▶ _Work to be completed_
Reproduce each record verbatim, images excluded.

▶ _Material for this task_
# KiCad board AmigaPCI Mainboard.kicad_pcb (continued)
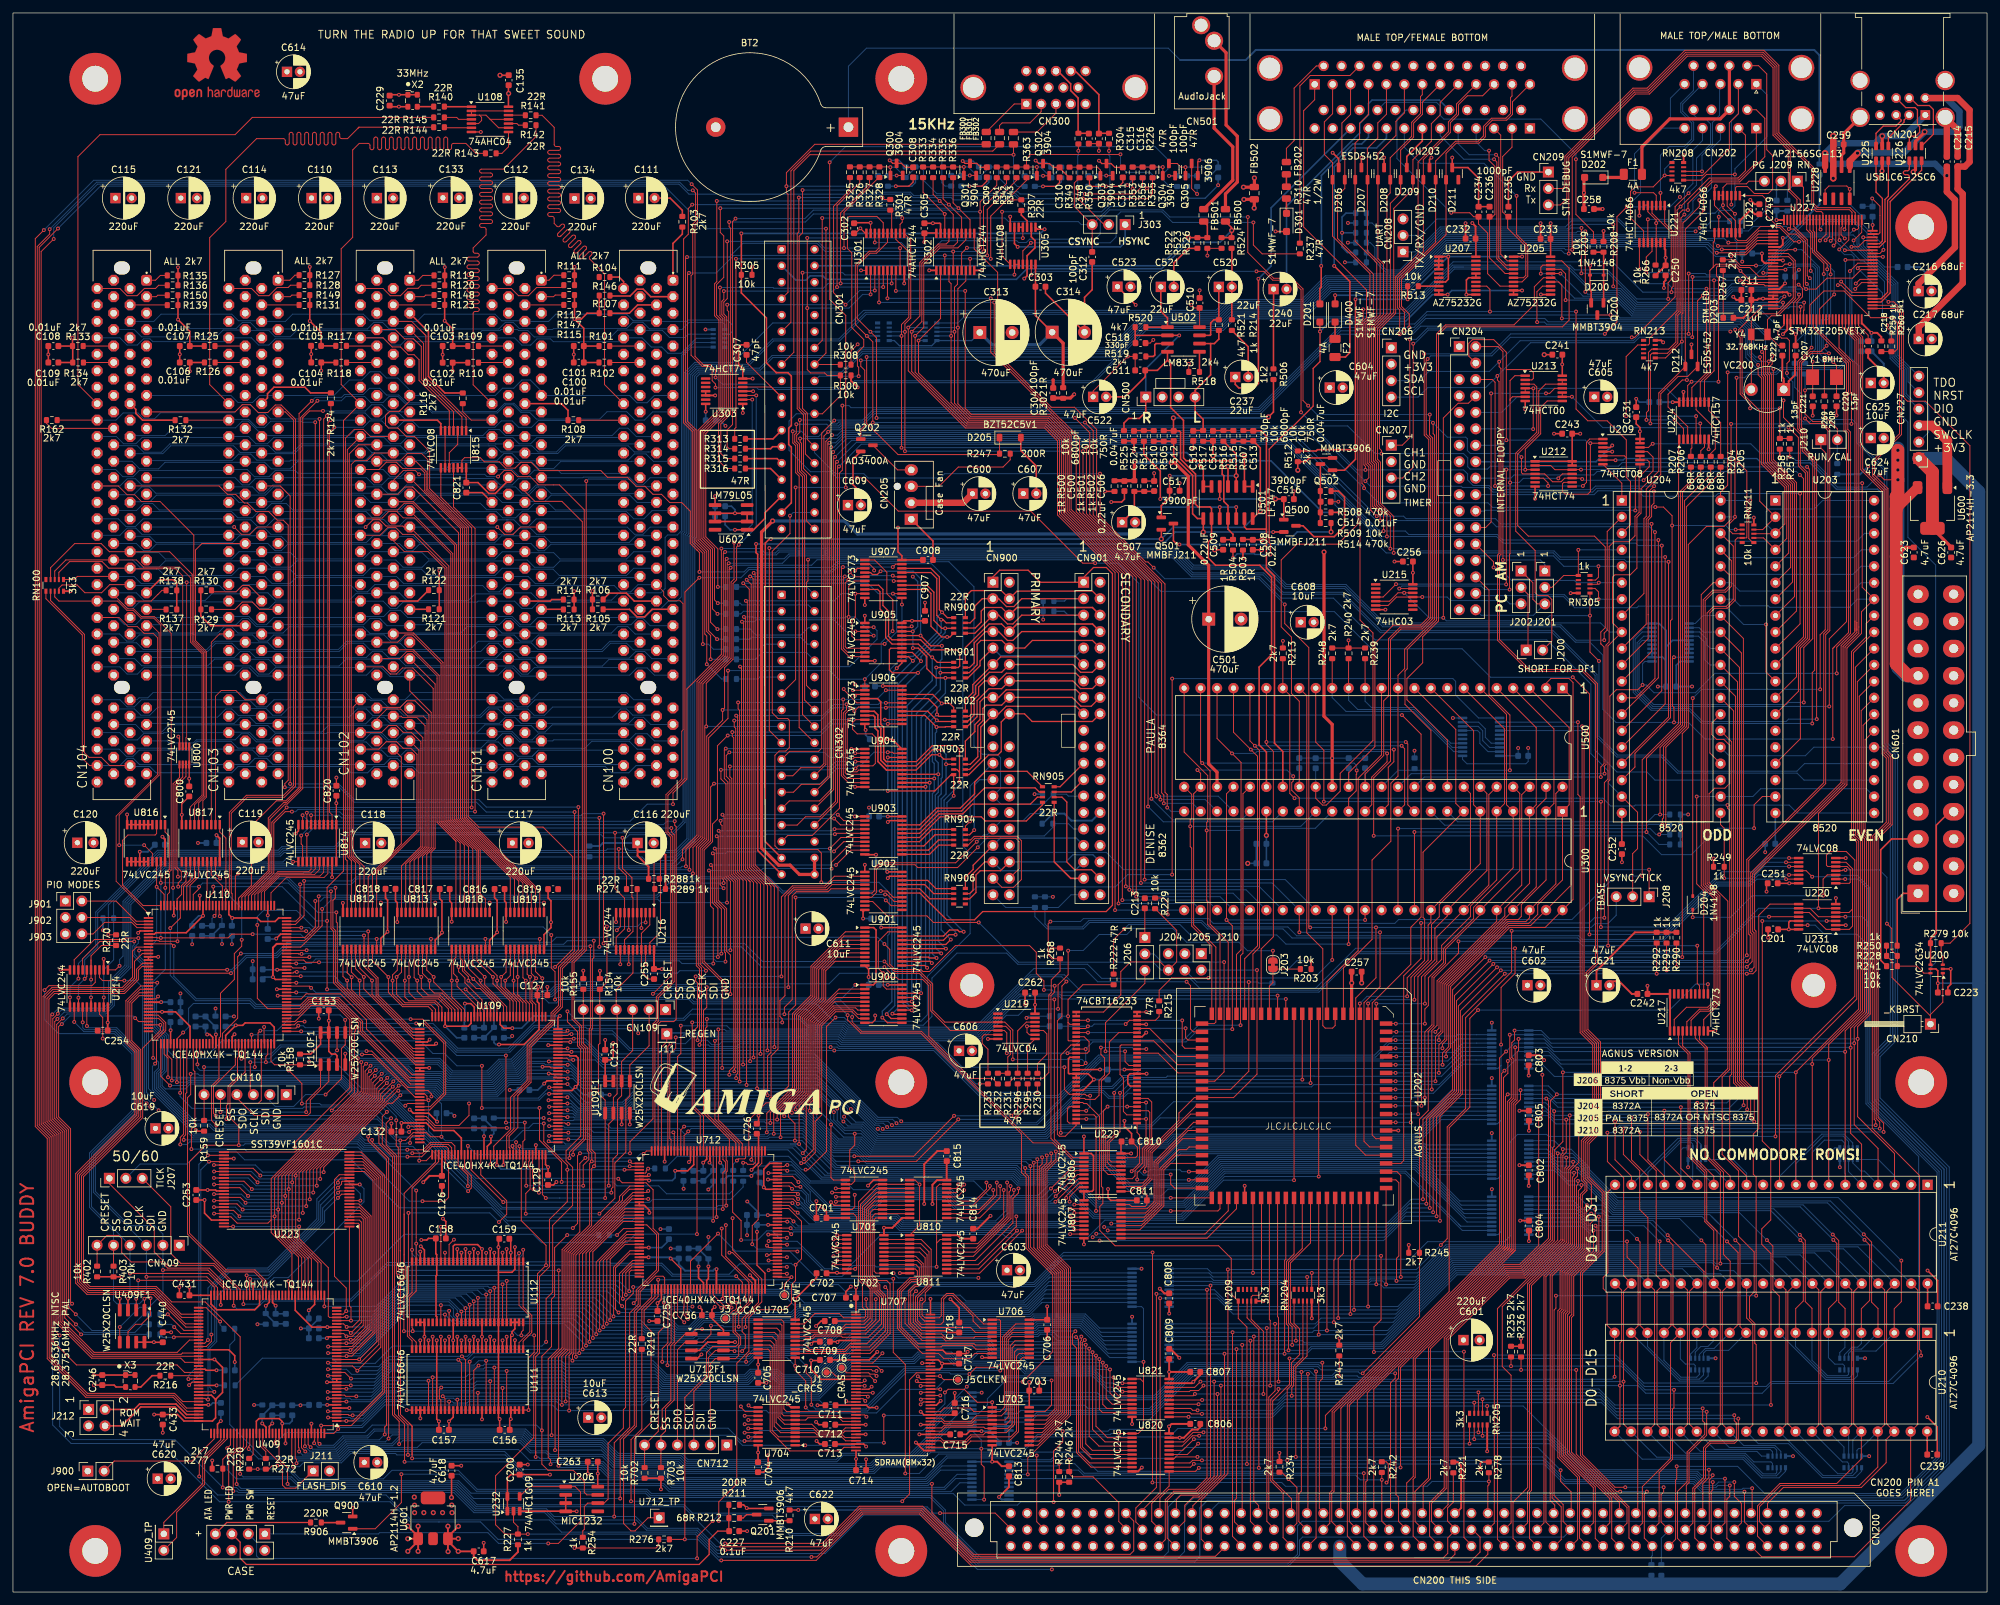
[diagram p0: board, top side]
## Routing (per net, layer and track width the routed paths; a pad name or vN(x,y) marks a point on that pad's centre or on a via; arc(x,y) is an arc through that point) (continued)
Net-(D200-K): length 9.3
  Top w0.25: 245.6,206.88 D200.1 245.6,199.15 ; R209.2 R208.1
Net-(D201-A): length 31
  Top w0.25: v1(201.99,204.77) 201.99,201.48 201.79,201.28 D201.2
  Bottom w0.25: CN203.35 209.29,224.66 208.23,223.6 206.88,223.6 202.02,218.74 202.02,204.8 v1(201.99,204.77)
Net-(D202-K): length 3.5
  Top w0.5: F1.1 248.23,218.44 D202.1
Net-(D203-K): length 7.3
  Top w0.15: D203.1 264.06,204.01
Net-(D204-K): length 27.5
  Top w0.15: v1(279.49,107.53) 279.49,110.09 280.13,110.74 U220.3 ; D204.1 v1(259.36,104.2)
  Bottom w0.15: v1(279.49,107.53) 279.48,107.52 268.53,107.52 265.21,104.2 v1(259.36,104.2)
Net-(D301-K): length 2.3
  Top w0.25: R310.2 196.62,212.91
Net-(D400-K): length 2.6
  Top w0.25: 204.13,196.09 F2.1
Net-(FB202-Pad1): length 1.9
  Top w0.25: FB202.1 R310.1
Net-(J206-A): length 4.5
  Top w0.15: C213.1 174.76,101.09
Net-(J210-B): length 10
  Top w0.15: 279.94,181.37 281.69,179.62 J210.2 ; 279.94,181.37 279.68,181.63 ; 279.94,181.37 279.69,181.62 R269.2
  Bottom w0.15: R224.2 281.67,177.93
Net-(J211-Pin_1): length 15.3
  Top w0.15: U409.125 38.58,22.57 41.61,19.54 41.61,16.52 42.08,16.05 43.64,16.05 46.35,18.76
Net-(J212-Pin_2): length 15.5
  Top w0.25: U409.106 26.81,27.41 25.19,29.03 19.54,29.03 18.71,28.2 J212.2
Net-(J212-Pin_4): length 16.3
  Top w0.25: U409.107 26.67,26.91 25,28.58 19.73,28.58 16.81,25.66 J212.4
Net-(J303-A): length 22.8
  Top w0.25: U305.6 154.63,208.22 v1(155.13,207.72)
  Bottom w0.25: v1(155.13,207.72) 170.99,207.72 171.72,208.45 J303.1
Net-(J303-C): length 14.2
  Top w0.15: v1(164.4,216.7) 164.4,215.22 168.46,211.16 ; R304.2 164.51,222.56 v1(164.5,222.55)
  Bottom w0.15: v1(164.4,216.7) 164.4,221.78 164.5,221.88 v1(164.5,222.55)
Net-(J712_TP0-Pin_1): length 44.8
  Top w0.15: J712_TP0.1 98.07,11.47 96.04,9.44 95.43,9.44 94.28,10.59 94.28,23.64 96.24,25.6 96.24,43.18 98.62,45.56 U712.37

▶ _Exercise response_
# KiCad board AmigaPCI Mainboard.kicad_pcb (continued)
[diagram p0: board, top side]
## Routing (per net, layer and track width the routed paths; a pad name or vN(x,y) marks a point on that pad's centre or on a via; arc(x,y) is an arc through that point) (continued)
Net-(D200-K): length 9.3
  Top w0.25: 245.6,206.88 D200.1 245.6,199.15 ; R209.2 R208.1
Net-(D201-A): length 31
  Top w0.25: v1(201.99,204.77) 201.99,201.48 201.79,201.28 D201.2
  Bottom w0.25: CN203.35 209.29,224.66 208.23,223.6 206.88,223.6 202.02,218.74 202.02,204.8 v1(201.99,204.77)
Net-(D202-K): length 3.5
  Top w0.5: F1.1 248.23,218.44 D202.1
Net-(D203-K): length 7.3
  Top w0.15: D203.1 264.06,204.01
Net-(D204-K): length 27.5
  Top w0.15: v1(279.49,107.53) 279.49,110.09 280.13,110.74 U220.3 ; D204.1 v1(259.36,104.2)
  Bottom w0.15: v1(279.49,107.53) 279.48,107.52 268.53,107.52 265.21,104.2 v1(259.36,104.2)
Net-(D301-K): length 2.3
  Top w0.25: R310.2 196.62,212.91
Net-(D400-K): length 2.6
  Top w0.25: 204.13,196.09 F2.1
Net-(FB202-Pad1): length 1.9
  Top w0.25: FB202.1 R310.1
Net-(J206-A): length 4.5
  Top w0.15: C213.1 174.76,101.09
Net-(J210-B): length 10
  Top w0.15: 279.94,181.37 281.69,179.62 J210.2 ; 279.94,181.37 279.68,181.63 ; 279.94,181.37 279.69,181.62 R269.2
  Bottom w0.15: R224.2 281.67,177.93
Net-(J211-Pin_1): length 15.3
  Top w0.15: U409.125 38.58,22.57 41.61,19.54 41.61,16.52 42.08,16.05 43.64,16.05 46.35,18.76
Net-(J212-Pin_2): length 15.5
  Top w0.25: U409.106 26.81,27.41 25.19,29.03 19.54,29.03 18.71,28.2 J212.2
Net-(J212-Pin_4): length 16.3
  Top w0.25: U409.107 26.67,26.91 25,28.58 19.73,28.58 16.81,25.66 J212.4
Net-(J303-A): length 22.8
  Top w0.25: U305.6 154.63,208.22 v1(155.13,207.72)
  Bottom w0.25: v1(155.13,207.72) 170.99,207.72 171.72,208.45 J303.1
Net-(J303-C): length 14.2
  Top w0.15: v1(164.4,216.7) 164.4,215.22 168.46,211.16 ; R304.2 164.51,222.56 v1(164.5,222.55)
  Bottom w0.15: v1(164.4,216.7) 164.4,221.78 164.5,221.88 v1(164.5,222.55)
Net-(J712_TP0-Pin_1): length 44.8
  Top w0.15: J712_TP0.1 98.07,11.47 96.04,9.44 95.43,9.44 94.28,10.59 94.28,23.64 96.24,25.6 96.24,43.18 98.62,45.56 U712.37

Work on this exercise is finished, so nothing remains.